**TASK INSTRUCTIONS:** For the listing below, work out the number of lines that hold "Homepage" and return that number alone.

DATA TO PROCESS Block Start

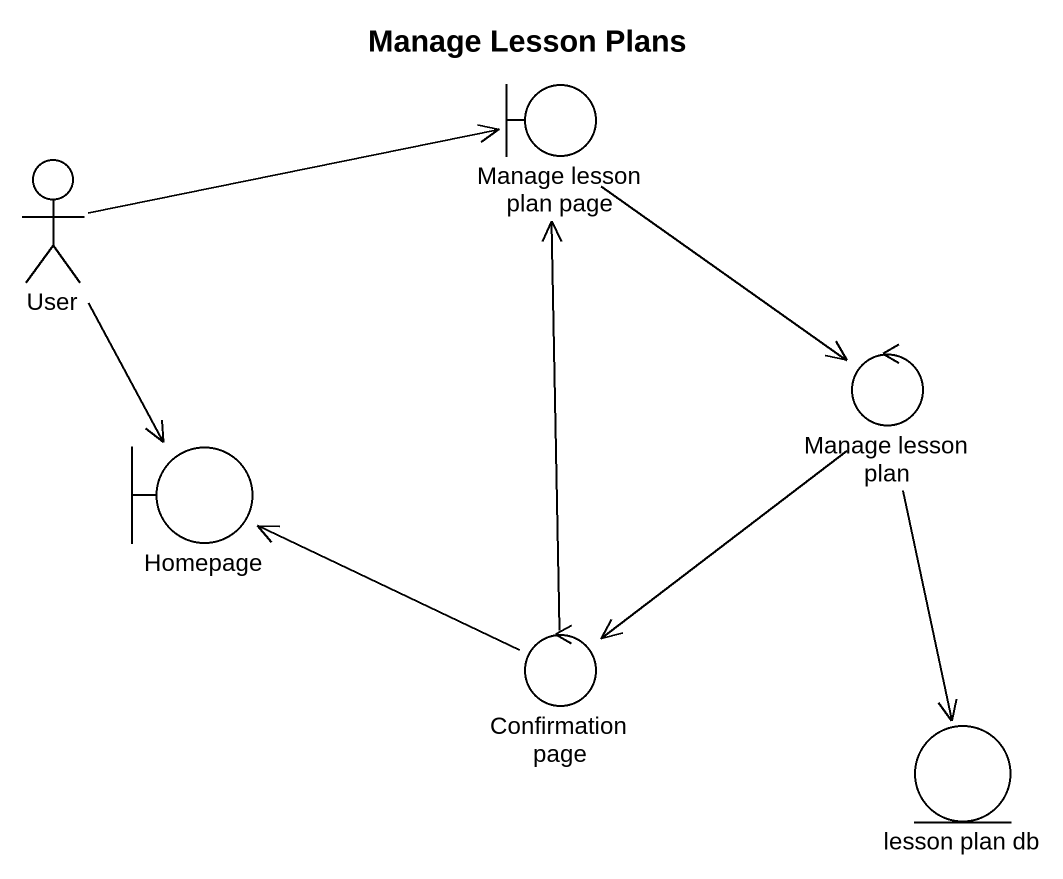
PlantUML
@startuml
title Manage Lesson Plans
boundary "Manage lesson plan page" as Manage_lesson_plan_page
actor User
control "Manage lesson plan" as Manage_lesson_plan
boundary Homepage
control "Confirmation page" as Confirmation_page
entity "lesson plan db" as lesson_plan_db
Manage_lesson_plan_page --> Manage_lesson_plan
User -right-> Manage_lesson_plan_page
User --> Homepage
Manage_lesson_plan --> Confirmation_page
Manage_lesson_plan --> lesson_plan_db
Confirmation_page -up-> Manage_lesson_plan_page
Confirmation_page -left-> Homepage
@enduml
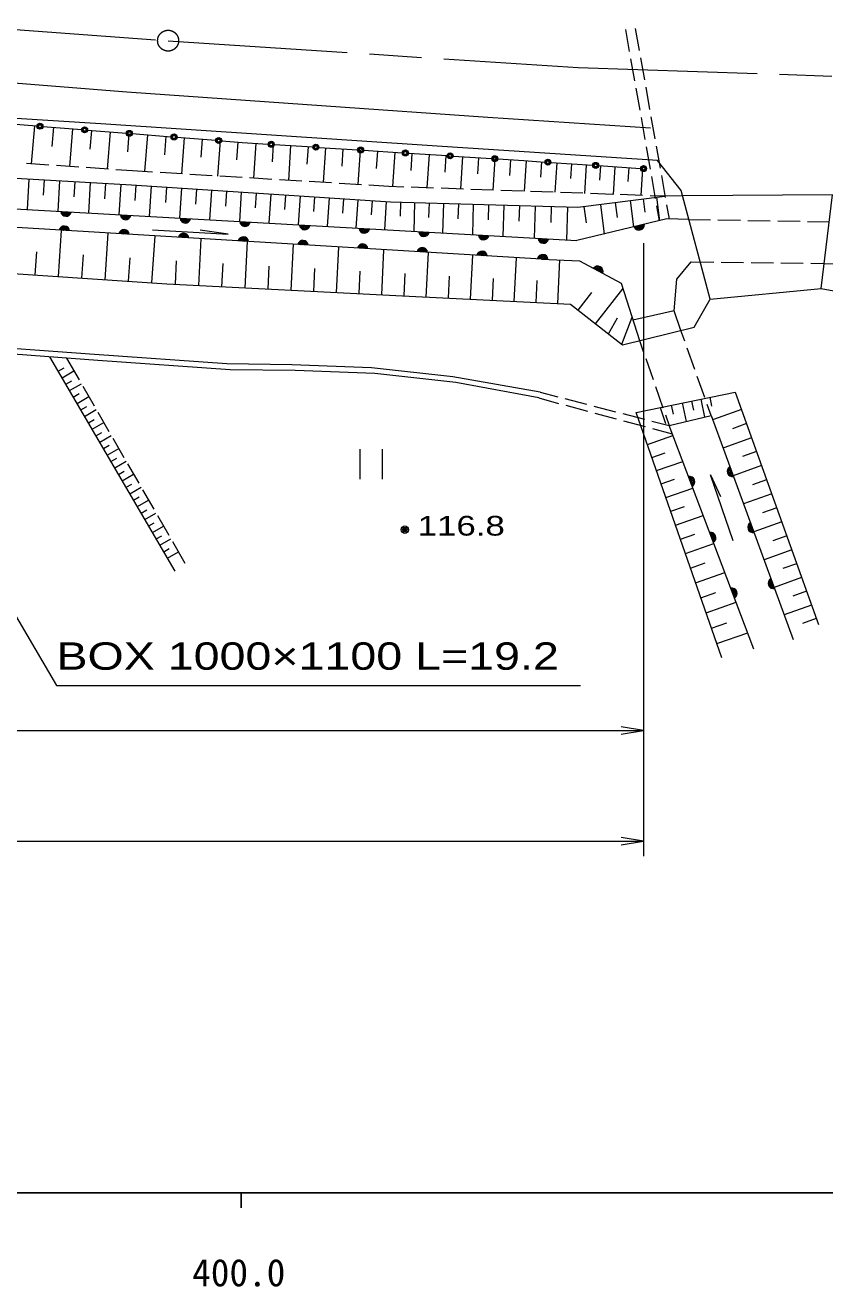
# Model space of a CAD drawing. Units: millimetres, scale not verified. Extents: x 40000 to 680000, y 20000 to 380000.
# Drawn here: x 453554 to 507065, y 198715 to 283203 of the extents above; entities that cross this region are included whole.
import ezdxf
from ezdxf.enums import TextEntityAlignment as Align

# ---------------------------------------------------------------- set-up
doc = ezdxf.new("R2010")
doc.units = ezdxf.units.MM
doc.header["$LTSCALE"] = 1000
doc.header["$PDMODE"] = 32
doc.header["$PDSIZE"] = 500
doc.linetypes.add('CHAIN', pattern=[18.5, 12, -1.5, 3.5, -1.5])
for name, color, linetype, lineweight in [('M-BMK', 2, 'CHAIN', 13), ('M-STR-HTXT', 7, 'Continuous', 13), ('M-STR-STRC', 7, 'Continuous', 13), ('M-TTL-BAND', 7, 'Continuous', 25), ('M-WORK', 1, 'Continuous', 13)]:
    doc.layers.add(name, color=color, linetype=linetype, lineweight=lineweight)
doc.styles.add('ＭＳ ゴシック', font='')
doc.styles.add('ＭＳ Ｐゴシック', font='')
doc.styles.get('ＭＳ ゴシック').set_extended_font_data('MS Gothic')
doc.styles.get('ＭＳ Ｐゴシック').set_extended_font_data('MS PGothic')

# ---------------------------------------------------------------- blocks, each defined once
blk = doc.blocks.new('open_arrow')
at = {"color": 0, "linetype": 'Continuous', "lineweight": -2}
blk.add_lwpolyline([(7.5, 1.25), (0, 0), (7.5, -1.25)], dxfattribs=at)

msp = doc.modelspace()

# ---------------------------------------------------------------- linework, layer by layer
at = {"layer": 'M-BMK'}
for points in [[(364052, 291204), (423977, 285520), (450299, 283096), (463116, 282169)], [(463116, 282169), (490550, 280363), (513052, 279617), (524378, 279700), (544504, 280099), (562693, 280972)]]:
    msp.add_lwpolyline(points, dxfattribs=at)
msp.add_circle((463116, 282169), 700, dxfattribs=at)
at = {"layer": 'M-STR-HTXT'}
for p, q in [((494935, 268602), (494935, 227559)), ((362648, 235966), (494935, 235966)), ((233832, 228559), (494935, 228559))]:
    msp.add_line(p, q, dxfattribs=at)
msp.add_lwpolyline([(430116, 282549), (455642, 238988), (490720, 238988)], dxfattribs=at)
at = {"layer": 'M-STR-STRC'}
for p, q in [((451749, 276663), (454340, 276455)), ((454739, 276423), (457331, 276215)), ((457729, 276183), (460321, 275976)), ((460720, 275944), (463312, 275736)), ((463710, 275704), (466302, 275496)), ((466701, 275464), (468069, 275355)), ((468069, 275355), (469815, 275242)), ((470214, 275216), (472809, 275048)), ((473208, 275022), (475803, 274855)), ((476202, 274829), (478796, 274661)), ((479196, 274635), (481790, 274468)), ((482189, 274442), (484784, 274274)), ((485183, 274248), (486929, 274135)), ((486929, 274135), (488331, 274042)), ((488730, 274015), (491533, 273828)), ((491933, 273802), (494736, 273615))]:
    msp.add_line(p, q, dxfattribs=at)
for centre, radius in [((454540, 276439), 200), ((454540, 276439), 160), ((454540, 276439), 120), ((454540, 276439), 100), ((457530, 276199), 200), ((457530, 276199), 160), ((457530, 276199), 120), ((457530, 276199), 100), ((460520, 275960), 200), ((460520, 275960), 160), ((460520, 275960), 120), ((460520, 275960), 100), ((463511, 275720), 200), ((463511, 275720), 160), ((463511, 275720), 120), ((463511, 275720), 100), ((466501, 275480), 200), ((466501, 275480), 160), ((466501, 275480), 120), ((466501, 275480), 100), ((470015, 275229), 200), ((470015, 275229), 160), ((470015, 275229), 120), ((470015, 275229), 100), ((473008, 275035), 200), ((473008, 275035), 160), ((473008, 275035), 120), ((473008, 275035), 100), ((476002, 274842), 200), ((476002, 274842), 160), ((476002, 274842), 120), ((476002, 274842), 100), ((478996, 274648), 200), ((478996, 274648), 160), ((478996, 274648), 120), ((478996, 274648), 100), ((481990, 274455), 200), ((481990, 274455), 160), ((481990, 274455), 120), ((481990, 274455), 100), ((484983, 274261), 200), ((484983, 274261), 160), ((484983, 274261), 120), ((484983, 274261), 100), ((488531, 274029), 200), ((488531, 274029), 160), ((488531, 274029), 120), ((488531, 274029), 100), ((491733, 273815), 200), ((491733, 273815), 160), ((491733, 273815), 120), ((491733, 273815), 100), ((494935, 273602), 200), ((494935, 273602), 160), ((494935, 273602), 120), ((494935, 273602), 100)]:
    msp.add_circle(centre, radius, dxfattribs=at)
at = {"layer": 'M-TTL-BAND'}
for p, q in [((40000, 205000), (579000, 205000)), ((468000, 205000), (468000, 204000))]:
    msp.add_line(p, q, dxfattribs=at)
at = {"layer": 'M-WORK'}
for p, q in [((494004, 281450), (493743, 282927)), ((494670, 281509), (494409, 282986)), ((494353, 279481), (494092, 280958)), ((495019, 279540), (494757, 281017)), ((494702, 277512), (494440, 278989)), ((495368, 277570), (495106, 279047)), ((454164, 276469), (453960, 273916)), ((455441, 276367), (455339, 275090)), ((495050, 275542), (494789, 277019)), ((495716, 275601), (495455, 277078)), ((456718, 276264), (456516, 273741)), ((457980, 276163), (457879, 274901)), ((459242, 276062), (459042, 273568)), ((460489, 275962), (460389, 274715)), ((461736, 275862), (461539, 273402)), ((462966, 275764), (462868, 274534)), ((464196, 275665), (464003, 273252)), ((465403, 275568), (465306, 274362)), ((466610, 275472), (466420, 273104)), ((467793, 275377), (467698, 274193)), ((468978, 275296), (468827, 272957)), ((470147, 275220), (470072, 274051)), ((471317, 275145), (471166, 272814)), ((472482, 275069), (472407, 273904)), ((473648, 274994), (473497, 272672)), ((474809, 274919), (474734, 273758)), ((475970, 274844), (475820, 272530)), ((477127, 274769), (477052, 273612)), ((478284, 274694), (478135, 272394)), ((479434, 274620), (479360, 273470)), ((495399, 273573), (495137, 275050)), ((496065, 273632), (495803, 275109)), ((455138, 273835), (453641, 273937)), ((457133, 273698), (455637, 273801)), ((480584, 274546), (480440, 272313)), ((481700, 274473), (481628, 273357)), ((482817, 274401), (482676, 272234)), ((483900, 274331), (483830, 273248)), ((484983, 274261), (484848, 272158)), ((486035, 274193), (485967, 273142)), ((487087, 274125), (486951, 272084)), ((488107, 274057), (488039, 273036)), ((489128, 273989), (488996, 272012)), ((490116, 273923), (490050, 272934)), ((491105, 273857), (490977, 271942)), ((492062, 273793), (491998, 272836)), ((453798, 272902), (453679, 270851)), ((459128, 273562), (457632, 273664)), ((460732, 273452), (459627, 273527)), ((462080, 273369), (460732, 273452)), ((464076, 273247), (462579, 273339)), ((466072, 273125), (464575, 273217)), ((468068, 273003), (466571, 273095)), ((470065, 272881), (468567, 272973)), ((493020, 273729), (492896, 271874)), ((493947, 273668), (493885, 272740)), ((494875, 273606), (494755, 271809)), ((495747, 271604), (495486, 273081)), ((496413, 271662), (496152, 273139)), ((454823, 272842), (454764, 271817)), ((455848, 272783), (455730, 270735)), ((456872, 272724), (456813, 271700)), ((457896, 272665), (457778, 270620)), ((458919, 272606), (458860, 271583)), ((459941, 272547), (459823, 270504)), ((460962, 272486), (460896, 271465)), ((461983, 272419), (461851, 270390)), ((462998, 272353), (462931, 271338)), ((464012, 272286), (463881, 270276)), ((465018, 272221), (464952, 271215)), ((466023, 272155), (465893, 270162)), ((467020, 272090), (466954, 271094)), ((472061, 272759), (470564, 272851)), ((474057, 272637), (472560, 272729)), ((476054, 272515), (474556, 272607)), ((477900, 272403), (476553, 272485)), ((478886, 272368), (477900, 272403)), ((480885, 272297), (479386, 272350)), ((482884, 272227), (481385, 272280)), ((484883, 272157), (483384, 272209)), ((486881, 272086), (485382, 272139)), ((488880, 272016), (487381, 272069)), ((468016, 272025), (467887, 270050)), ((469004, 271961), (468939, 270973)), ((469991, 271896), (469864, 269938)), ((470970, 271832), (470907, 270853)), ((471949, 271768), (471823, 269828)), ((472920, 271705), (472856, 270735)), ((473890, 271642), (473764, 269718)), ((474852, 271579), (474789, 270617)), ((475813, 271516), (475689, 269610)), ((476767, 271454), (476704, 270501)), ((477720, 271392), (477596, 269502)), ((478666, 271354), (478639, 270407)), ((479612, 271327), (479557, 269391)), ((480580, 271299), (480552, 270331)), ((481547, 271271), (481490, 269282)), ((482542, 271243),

DATA TO PROCESS Block End

**ANSWER SPACE:** 3